For Spark >=1.5, you are provided with numbers of date processing functions and you can use these functions in your case.

pyspark.sql.functions.year

pyspark.sql.functions.month

pyspark.sql.functions.dayofmonth

pyspark.sql.functions.dayofweek()

pyspark.sql.functions.dayofyear

pyspark.sql.functions.weekofyear()

import datetime

from pyspark.sql.functions import year, month, dayofmonth

elevDF = sc.parallelize([

    (datetime.datetime(1984, 1, 1, 0, 0), 1, 638.55),

    (datetime.datetime(1984, 1, 1, 0, 0), 2, 638.55),

    (datetime.datetime(1984, 1, 1, 0, 0), 3, 638.55),

    (datetime.datetime(1984, 1, 1, 0, 0), 4, 638.55),

    (datetime.datetime(1984, 1, 1, 0, 0), 5, 638.55)

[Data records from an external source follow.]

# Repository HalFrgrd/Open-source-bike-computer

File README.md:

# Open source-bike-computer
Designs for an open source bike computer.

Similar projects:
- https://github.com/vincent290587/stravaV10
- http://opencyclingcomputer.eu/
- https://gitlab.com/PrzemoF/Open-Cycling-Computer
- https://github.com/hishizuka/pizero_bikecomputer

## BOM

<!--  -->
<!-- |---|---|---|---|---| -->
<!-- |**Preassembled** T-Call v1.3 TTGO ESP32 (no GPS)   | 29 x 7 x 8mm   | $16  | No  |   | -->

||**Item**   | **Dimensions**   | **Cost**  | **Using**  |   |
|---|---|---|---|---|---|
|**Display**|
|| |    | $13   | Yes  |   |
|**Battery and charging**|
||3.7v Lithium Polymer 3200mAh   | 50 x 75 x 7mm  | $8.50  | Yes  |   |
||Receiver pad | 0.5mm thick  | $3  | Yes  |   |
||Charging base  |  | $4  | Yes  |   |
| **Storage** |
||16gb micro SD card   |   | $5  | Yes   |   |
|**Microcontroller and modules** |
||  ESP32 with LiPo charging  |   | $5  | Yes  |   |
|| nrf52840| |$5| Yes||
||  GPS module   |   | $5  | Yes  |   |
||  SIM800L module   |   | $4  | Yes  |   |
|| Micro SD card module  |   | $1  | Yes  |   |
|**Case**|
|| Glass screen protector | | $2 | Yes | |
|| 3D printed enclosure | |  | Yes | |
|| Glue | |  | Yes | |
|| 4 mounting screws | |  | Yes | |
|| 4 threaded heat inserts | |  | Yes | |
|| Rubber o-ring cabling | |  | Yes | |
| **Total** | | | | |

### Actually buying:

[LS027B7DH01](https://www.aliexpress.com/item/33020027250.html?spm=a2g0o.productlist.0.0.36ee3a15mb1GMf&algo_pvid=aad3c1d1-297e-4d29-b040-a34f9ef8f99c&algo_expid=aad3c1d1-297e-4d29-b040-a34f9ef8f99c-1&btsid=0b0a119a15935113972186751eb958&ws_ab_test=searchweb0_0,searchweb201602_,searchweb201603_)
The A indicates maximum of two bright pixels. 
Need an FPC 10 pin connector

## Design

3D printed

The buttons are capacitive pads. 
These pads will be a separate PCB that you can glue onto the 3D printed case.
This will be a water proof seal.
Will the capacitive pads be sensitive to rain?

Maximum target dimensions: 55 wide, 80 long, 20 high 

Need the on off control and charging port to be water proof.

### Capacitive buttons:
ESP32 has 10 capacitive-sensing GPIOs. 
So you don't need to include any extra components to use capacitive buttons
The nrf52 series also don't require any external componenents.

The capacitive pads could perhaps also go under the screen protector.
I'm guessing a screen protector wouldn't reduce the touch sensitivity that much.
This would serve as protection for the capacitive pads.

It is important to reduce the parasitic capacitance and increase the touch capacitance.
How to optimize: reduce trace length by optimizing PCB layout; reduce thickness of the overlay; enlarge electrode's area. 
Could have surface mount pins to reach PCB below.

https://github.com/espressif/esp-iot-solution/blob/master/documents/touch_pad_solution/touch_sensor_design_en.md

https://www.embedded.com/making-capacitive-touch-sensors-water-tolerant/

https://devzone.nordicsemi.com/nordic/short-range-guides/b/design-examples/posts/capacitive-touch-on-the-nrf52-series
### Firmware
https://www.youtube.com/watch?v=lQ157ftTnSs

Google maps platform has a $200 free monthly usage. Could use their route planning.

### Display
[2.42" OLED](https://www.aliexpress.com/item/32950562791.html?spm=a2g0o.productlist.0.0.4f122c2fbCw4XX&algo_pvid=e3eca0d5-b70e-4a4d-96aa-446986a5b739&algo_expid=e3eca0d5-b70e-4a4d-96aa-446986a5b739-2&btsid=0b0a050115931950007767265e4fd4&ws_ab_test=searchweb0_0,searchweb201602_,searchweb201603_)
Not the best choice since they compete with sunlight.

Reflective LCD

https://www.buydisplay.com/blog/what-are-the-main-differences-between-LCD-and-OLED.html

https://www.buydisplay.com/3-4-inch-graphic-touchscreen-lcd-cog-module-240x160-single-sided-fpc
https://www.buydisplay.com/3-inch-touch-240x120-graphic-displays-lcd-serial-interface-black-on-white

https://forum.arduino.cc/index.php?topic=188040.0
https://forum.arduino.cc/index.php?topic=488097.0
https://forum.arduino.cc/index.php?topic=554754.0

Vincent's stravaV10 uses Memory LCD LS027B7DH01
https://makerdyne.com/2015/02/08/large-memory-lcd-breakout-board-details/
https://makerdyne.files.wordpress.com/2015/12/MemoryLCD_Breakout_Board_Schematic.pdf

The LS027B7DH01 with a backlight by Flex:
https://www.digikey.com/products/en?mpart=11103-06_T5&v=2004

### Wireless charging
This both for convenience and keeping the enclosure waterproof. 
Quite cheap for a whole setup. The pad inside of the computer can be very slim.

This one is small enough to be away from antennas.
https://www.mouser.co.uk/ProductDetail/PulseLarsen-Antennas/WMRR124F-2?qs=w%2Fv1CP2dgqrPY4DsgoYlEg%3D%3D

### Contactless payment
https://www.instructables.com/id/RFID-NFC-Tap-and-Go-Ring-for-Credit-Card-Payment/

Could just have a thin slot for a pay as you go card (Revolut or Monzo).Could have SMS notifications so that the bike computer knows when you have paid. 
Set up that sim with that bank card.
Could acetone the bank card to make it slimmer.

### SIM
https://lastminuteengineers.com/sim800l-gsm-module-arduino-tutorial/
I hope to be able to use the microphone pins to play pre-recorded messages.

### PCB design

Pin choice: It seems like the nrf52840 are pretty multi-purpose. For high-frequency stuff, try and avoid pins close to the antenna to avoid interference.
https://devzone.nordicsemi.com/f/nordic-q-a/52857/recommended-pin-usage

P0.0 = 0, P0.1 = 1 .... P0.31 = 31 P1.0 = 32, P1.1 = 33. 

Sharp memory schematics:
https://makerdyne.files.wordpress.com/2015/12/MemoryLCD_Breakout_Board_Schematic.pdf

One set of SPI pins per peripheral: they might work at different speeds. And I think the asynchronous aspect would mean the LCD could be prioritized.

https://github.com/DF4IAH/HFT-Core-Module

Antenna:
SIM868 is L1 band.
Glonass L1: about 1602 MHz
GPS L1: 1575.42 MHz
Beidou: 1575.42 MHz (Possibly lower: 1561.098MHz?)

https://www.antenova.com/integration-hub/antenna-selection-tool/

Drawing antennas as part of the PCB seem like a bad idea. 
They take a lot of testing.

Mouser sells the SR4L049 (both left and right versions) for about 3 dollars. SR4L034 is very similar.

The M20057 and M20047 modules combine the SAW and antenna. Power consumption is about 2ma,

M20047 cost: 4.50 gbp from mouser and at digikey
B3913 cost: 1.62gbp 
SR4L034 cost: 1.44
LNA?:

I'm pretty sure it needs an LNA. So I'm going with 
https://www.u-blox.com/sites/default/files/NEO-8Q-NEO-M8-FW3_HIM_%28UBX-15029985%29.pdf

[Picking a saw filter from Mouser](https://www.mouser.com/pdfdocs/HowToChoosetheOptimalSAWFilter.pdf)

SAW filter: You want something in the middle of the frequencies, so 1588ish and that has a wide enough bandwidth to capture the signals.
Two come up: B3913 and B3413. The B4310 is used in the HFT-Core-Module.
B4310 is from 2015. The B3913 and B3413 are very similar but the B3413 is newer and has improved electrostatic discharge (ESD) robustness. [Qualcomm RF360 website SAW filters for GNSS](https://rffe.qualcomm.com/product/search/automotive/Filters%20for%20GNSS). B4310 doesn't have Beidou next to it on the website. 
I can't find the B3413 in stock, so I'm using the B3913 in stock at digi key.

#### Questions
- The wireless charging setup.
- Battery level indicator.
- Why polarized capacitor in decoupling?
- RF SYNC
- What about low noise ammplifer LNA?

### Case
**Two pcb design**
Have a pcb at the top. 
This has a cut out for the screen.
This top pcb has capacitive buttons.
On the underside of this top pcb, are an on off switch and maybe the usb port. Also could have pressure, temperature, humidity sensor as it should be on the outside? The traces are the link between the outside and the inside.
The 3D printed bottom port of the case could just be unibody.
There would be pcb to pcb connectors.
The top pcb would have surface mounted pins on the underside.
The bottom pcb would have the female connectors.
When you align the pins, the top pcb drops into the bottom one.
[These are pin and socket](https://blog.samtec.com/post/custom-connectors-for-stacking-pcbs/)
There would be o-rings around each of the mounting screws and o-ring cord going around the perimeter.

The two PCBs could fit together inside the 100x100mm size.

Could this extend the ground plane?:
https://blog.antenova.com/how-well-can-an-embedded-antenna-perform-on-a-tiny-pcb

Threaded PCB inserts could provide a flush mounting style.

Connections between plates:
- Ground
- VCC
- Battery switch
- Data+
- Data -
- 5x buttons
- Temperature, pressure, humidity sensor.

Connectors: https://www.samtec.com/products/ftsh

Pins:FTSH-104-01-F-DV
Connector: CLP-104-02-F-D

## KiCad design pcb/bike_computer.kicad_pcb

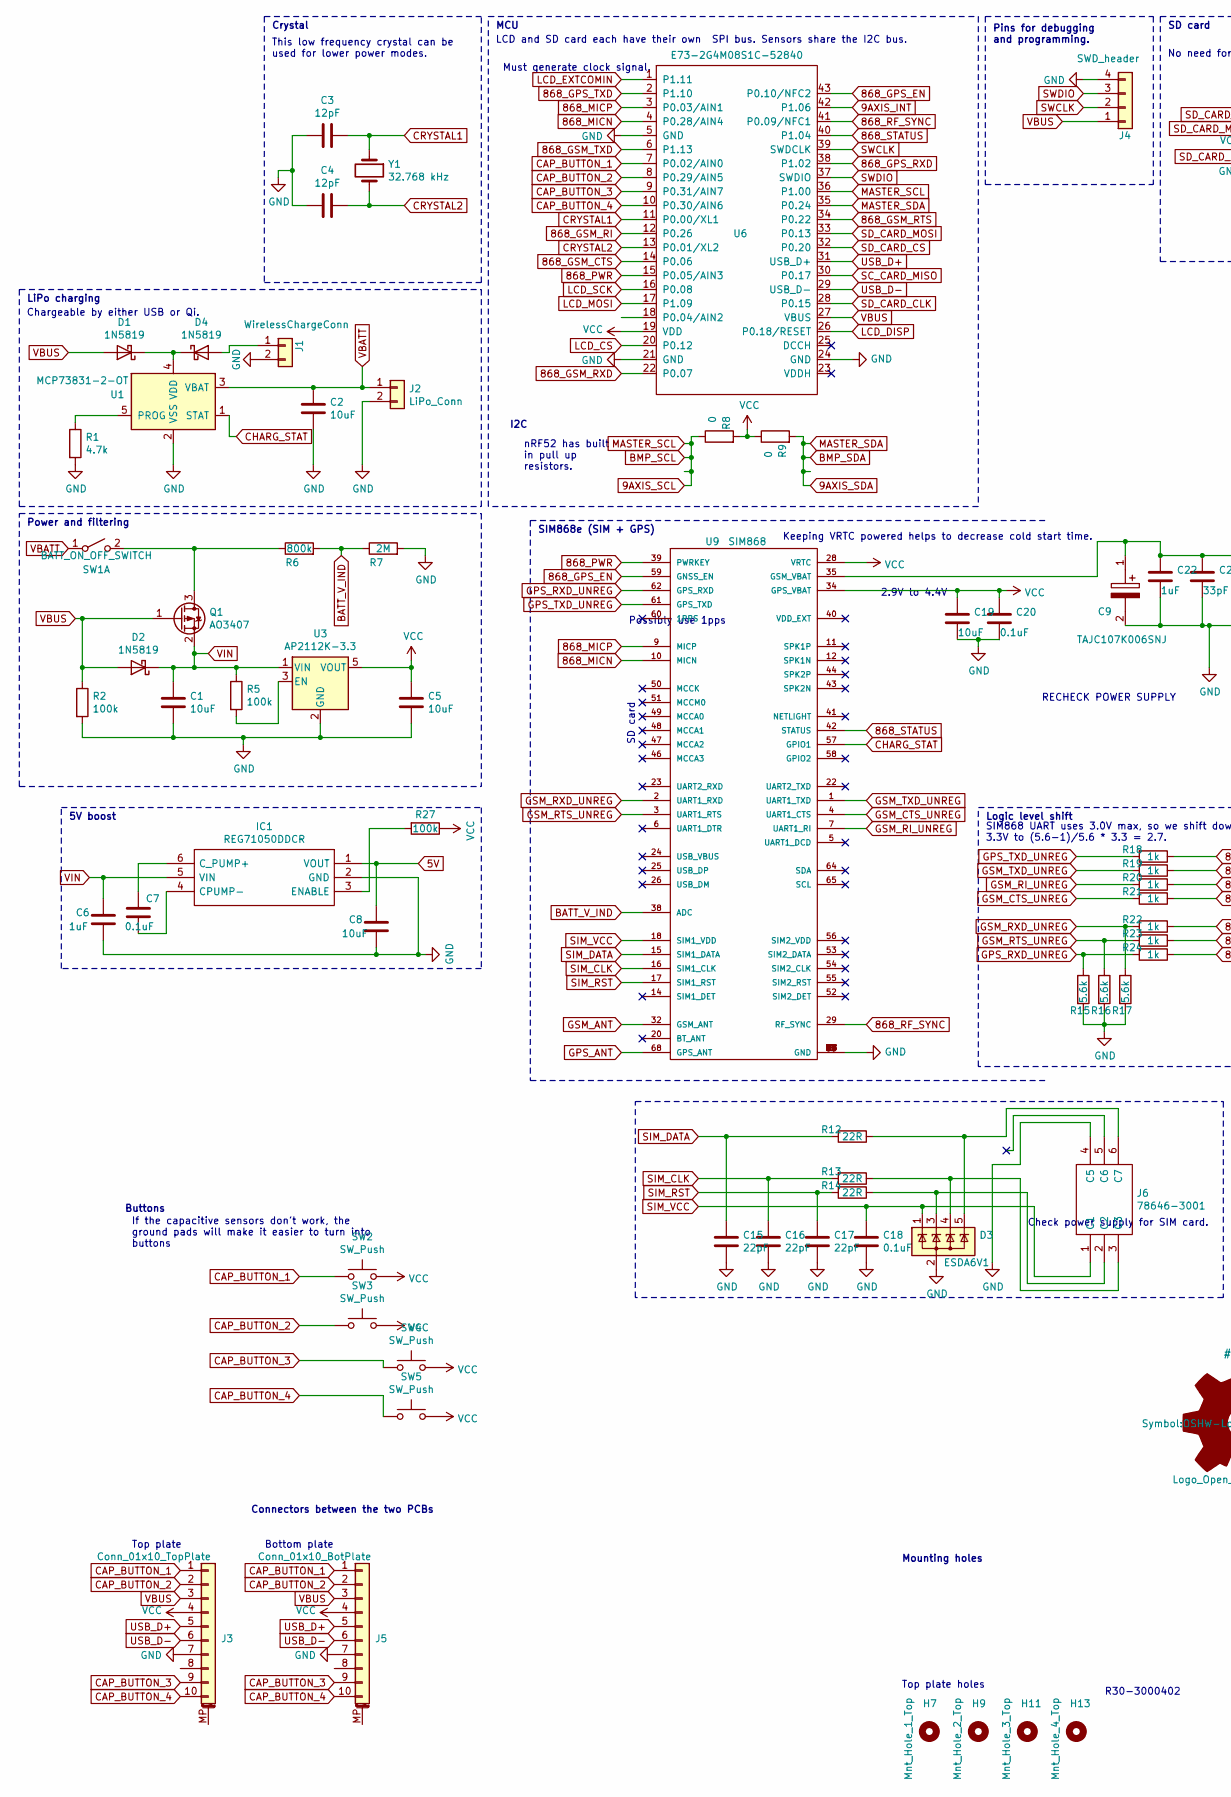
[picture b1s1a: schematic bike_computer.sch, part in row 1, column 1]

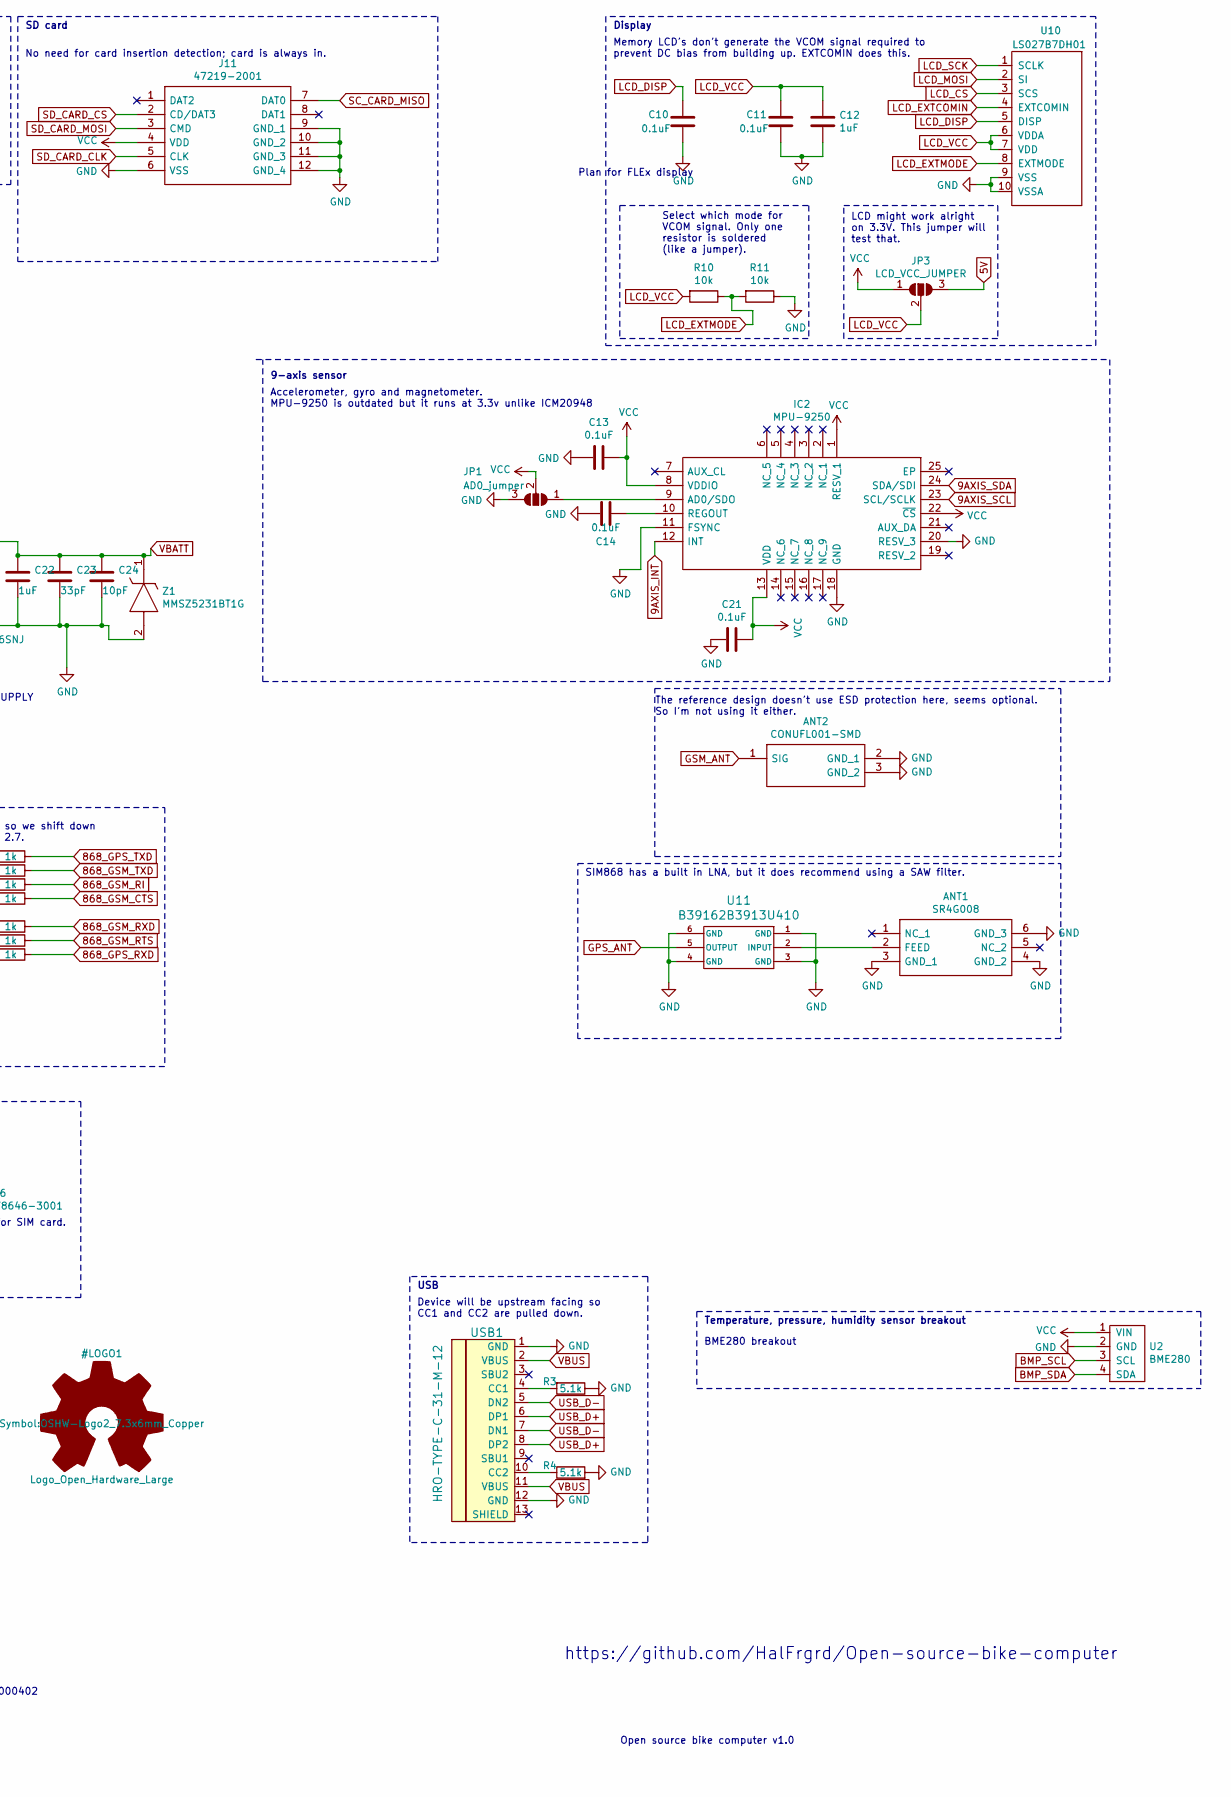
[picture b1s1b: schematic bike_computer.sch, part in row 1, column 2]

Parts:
ANT1: SR4G008; Mouser Part Number 237-SR4G008
ANT2: CONUFL001-SMD; Mouser Part Number 712-CONUFL001-SMD
C1, C2, C5, C8, C19: 10uF; 1206_0603_hand_solder
C3, C4: 12pF; 1206_0603_hand_solder
C6, C12, C22: 1uF; 1206_0603_hand_solder
C7, C10, C11, C13, C14, C18, C20, C21: 0.1uF; 1206_0603_hand_solder
C9: TAJC107K006SNJ; CAPPM6032X280N; Mouser Part Number 581-TAJC107K006SNJ
C15, C16, C17: 22pF; 1206_0603_hand_solder
C23: 33pF; 1206_0603_hand_solder
C24: 10pF; 1206_0603_hand_solder
D1, D2, D4: 1N5819; D_SOD-123
D3: ESDA6V1; SOT95P280X145-6N
H7: Mnt_Hole_1_Top; R303000402
H9: Mnt_Hole_2_Top; R303000402
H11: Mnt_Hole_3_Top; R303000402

]).toDF(["date", "hour", "value"])

elevDF.select(

    year("date").alias('year'), 

    month("date").alias('month'), 

    dayofmonth("date").alias('day')

).show()

# +----+-----+---+

# |year|month|day|

# +----+-----+---+

# |1984|    1| 1|

# |1984|    1| 1|

# |1984|    1| 1|

# |1984|    1| 1|

# |1984|    1| 1|

# +----+-----+---+

Now, I would simply suggest you to use map with any other RDD:

elevDF = sqlContext.createDataFrame(sc.parallelize([

        Row(date=datetime.datetime(1984, 1, 1, 0, 0), hour=1, value=638.55),

        Row(date=datetime.datetime(1984, 1, 1, 0, 0), hour=2, value=638.55),

        Row(date=datetime.datetime(1984, 1, 1, 0, 0), hour=3, value=638.55),

        Row(date=datetime.datetime(1984, 1, 1, 0, 0), hour=4, value=638.55),

        Row(date=datetime.datetime(1984, 1, 1, 0, 0), hour=5, value=638.55)]))

(elevDF

 .map(lambda (date, hour, value): (date.year, date.month, date.day))

 .collect())

and the result is:

[(1984, 1, 1), (1984, 1, 1), (1984, 1, 1), (1984, 1, 1), (1984, 1, 1)]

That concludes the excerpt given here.